*Exercise goal*:
There is one span to output from the data below: the lines starting at the line with "#38=AXIS2_PLACEMENT_3D('',#35,#36,#37);" and ending at the line with "#55=ORIENTED_EDGE('',*,*,#54,.T.);". Output it exactly, ends included, nothing more.

*Input material*:
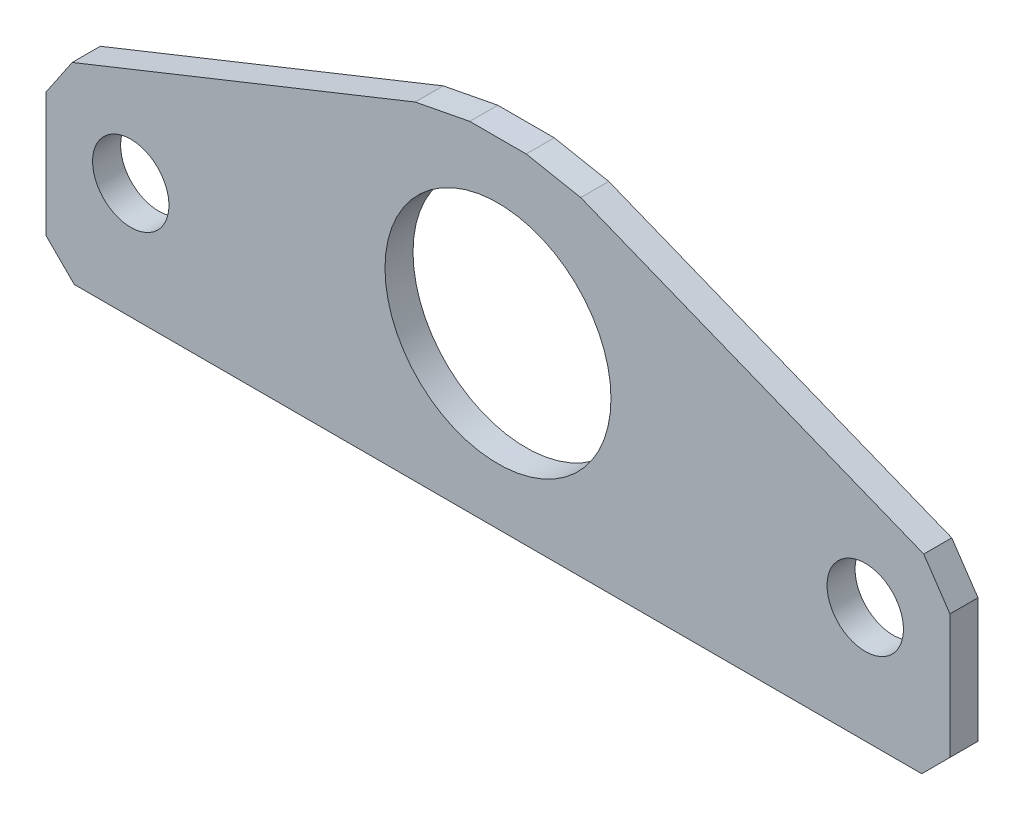
ISO-10303-21;
HEADER;
FILE_DESCRIPTION(('STEP AP214'),'2;1');
FILE_NAME('part.step','',(''),(''),'','','');
FILE_SCHEMA(('AUTOMOTIVE_DESIGN { 1 0 10303 214 1 1 1 1 }'));
ENDSEC;
DATA;
#1=APPLICATION_CONTEXT('core data for automotive mechanical design processes');
#2=APPLICATION_PROTOCOL_DEFINITION('international standard','automotive_design',2000,#1);
#3=PRODUCT_CONTEXT('',#1,'mechanical');
#4=PRODUCT('Part','Part','',(#3));
#5=PRODUCT_RELATED_PRODUCT_CATEGORY('part','',(#4));
#6=PRODUCT_DEFINITION_FORMATION('','',#4);
#7=PRODUCT_DEFINITION_CONTEXT('part definition',#1,'design');
#8=PRODUCT_DEFINITION('design','',#6,#7);
#9=PRODUCT_DEFINITION_SHAPE('','',#8);
#10=(LENGTH_UNIT() NAMED_UNIT(*) SI_UNIT(.MILLI.,.METRE.));
#11=(NAMED_UNIT(*) PLANE_ANGLE_UNIT() SI_UNIT($,.RADIAN.));
#12=(NAMED_UNIT(*) SI_UNIT($,.STERADIAN.) SOLID_ANGLE_UNIT());
#13=UNCERTAINTY_MEASURE_WITH_UNIT(LENGTH_MEASURE(1.E-05),#10,'distance_accuracy_value','');
#14=(GEOMETRIC_REPRESENTATION_CONTEXT(3) GLOBAL_UNCERTAINTY_ASSIGNED_CONTEXT((#13)) GLOBAL_UNIT_ASSIGNED_CONTEXT((#10,
#11,#12)) REPRESENTATION_CONTEXT('',''));
#15=CARTESIAN_POINT('',(0.,0.,0.));
#16=DIRECTION('',(0.,0.,1.));
#17=DIRECTION('',(1.,0.,0.));
#18=AXIS2_PLACEMENT_3D('',#15,#16,#17);
#19=CARTESIAN_POINT('',(25.4,20.955,1.5748));
#20=DIRECTION('',(0.,0.,-1.));
#21=DIRECTION('',(-1.,0.,0.));
#22=AXIS2_PLACEMENT_3D('',#19,#20,#21);
#23=PLANE('',#22);
#24=CARTESIAN_POINT('',(0.,0.,1.5748));
#25=DIRECTION('',(0.,0.,-1.));
#26=DIRECTION('',(-1.,0.,0.));
#27=AXIS2_PLACEMENT_3D('',#24,#25,#26);
#28=CIRCLE('',#27,6.35);
#29=CARTESIAN_POINT('',(-6.35,0.,1.5748));
#30=VERTEX_POINT('',#29);
#31=EDGE_CURVE('E136',#30,#30,#28,.T.);
#32=ORIENTED_EDGE('',*,*,#31,.T.);
#33=EDGE_LOOP('',(#32));
#34=FACE_BOUND('',#33,.T.);
#35=CARTESIAN_POINT('',(20.6375,-3.01285020999999,1.5748));
#36=DIRECTION('',(0.,0.,-1.));
#37=DIRECTION('',(-1.,0.,0.));
#38=AXIS2_PLACEMENT_3D('',#35,#36,#37);
#39=CIRCLE('',#38,2.1463);
#40=CARTESIAN_POINT('',(18.4912,-3.01285020999999,1.5748));
#41=VERTEX_POINT('',#40);
#42=EDGE_CURVE('E138',#41,#41,#39,.T.);
#43=ORIENTED_EDGE('',*,*,#42,.T.);
#44=EDGE_LOOP('',(#43));
#45=FACE_BOUND('',#44,.T.);
#46=DIRECTION('',(0.560628809305184,0.828067230469273,0.));
#47=VECTOR('',#46,1.);
#48=CARTESIAN_POINT('',(-25.4,-0.952500000000011,1.5748));
#49=LINE('',#48,#47);
#50=CARTESIAN_POINT('',(-23.9260432532196,1.22458269871215,1.5748));
#51=VERTEX_POINT('',#50);
#52=CARTESIAN_POINT('',(-25.4,-0.952500000000013,1.5748));
#53=VERTEX_POINT('',#52);
#54=EDGE_CURVE('E117',#51,#53,#49,.F.);
#55=ORIENTED_EDGE('',*,*,#54,.T.);
#56=DIRECTION('',(0.,1.,0.));
#57=VECTOR('',#56,1.);
#58=CARTESIAN_POINT('',(-25.4,0.635,1.5748));
#59=LINE('',#58,#57);
#60=CARTESIAN_POINT('',(-25.4,-7.9375,1.5748));
#61=VERTEX_POINT('',#60);
#62=EDGE_CURVE('E107',#53,#61,#59,.F.);
#63=ORIENTED_EDGE('',*,*,#62,.T.);
#64=DIRECTION('',(-0.707106781186547,0.707106781186548,0.));
#65=VECTOR('',#64,1.);
#66=CARTESIAN_POINT('',(-23.8125,-9.525,1.5748));
#67=LINE('',#66,#65);
#68=CARTESIAN_POINT('',(-23.8125,-9.525,1.5748));
#69=VERTEX_POINT('',#68);
#70=EDGE_CURVE('E140',#61,#69,#67,.F.);
#71=ORIENTED_EDGE('',*,*,#70,.T.);
#72=DIRECTION('',(-1.,0.,0.));
#73=VECTOR('',#72,1.);
#74=CARTESIAN_POINT('',(-25.4,-9.525,1.5748));
#75=LINE('',#74,#73);
#76=CARTESIAN_POINT('',(23.8125,-9.525,1.5748));
#77=VERTEX_POINT('',#76);
#78=EDGE_CURVE('E150',#69,#77,#75,.F.);
#79=ORIENTED_EDGE('',*,*,#78,.T.);
#80=DIRECTION('',(-0.707106781186547,-0.707106781186548,0.));
#81=VECTOR('',#80,1.);
#82=CARTESIAN_POINT('',(25.4,-7.93749999999999,1.5748));
#83=LINE('',#82,#81);
#84=CARTESIAN_POINT('',(25.4,-7.93749999999999,1.5748));
#85=VERTEX_POINT('',#84);
#86=EDGE_CURVE('E154',#77,#85,#83,.F.);
#87=ORIENTED_EDGE('',*,*,#86,.T.);
#88=DIRECTION('',(0.,-1.,0.));
#89=VECTOR('',#88,1.);
#90=CARTESIAN_POINT('',(25.4,0.635000000000006,1.5748));
#91=LINE('',#90,#89);
#92=CARTESIAN_POINT('',(25.4,-0.952500000000007,1.5748));
#93=VERTEX_POINT('',#92);
#94=EDGE_CURVE('E159',#85,#93,#91,.F.);
#95=ORIENTED_EDGE('',*,*,#94,.T.);
#96=DIRECTION('',(0.560628809305184,-0.828067230469273,0.));
#97=VECTOR('',#96,1.);
#98=CARTESIAN_POINT('',(23.9260432532196,1.22458269871215,1.5748));
#99=LINE('',#98,#97);
#100=CARTESIAN_POINT('',(23.9260432532196,1.22458269871215,1.5748));
#101=VERTEX_POINT('',#100);
#102=EDGE_CURVE('E164',#93,#101,#99,.F.);
#103=ORIENTED_EDGE('',*,*,#102,.T.);
#104=DIRECTION('',(0.928476690885259,-0.371390676354104,0.));
#105=VECTOR('',#104,1.);
#106=CARTESIAN_POINT('',(25.4,0.635000000000006,1.5748));
#107=LINE('',#106,#105);
#108=CARTESIAN_POINT('',(4.64895674678047,8.93541730128782,1.5748));
#109=VERTEX_POINT('',#108);
#110=EDGE_CURVE('E169',#101,#109,#107,.F.);
#111=ORIENTED_EDGE('',*,*,#110,.T.);
#112=DIRECTION('',(0.981956386731422,-0.189107521154951,0.));
#113=VECTOR('',#112,1.);
#114=CARTESIAN_POINT('',(1.58749999999997,9.525,1.5748));
#115=LINE('',#114,#113);
#116=CARTESIAN_POINT('',(1.58749999999986,9.525,1.5748));
#117=VERTEX_POINT('',#116);
#118=EDGE_CURVE('E174',#109,#117,#115,.F.);
#119=ORIENTED_EDGE('',*,*,#118,.T.);
#120=DIRECTION('',(1.,0.,0.));
#121=VECTOR('',#120,1.);
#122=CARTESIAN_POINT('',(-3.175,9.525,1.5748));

*Result for this task*:
#38=AXIS2_PLACEMENT_3D('',#35,#36,#37);
#39=CIRCLE('',#38,2.1463);
#40=CARTESIAN_POINT('',(18.4912,-3.01285020999999,1.5748));
#41=VERTEX_POINT('',#40);
#42=EDGE_CURVE('E138',#41,#41,#39,.T.);
#43=ORIENTED_EDGE('',*,*,#42,.T.);
#44=EDGE_LOOP('',(#43));
#45=FACE_BOUND('',#44,.T.);
#46=DIRECTION('',(0.560628809305184,0.828067230469273,0.));
#47=VECTOR('',#46,1.);
#48=CARTESIAN_POINT('',(-25.4,-0.952500000000011,1.5748));
#49=LINE('',#48,#47);
#50=CARTESIAN_POINT('',(-23.9260432532196,1.22458269871215,1.5748));
#51=VERTEX_POINT('',#50);
#52=CARTESIAN_POINT('',(-25.4,-0.952500000000013,1.5748));
#53=VERTEX_POINT('',#52);
#54=EDGE_CURVE('E117',#51,#53,#49,.F.);
#55=ORIENTED_EDGE('',*,*,#54,.T.);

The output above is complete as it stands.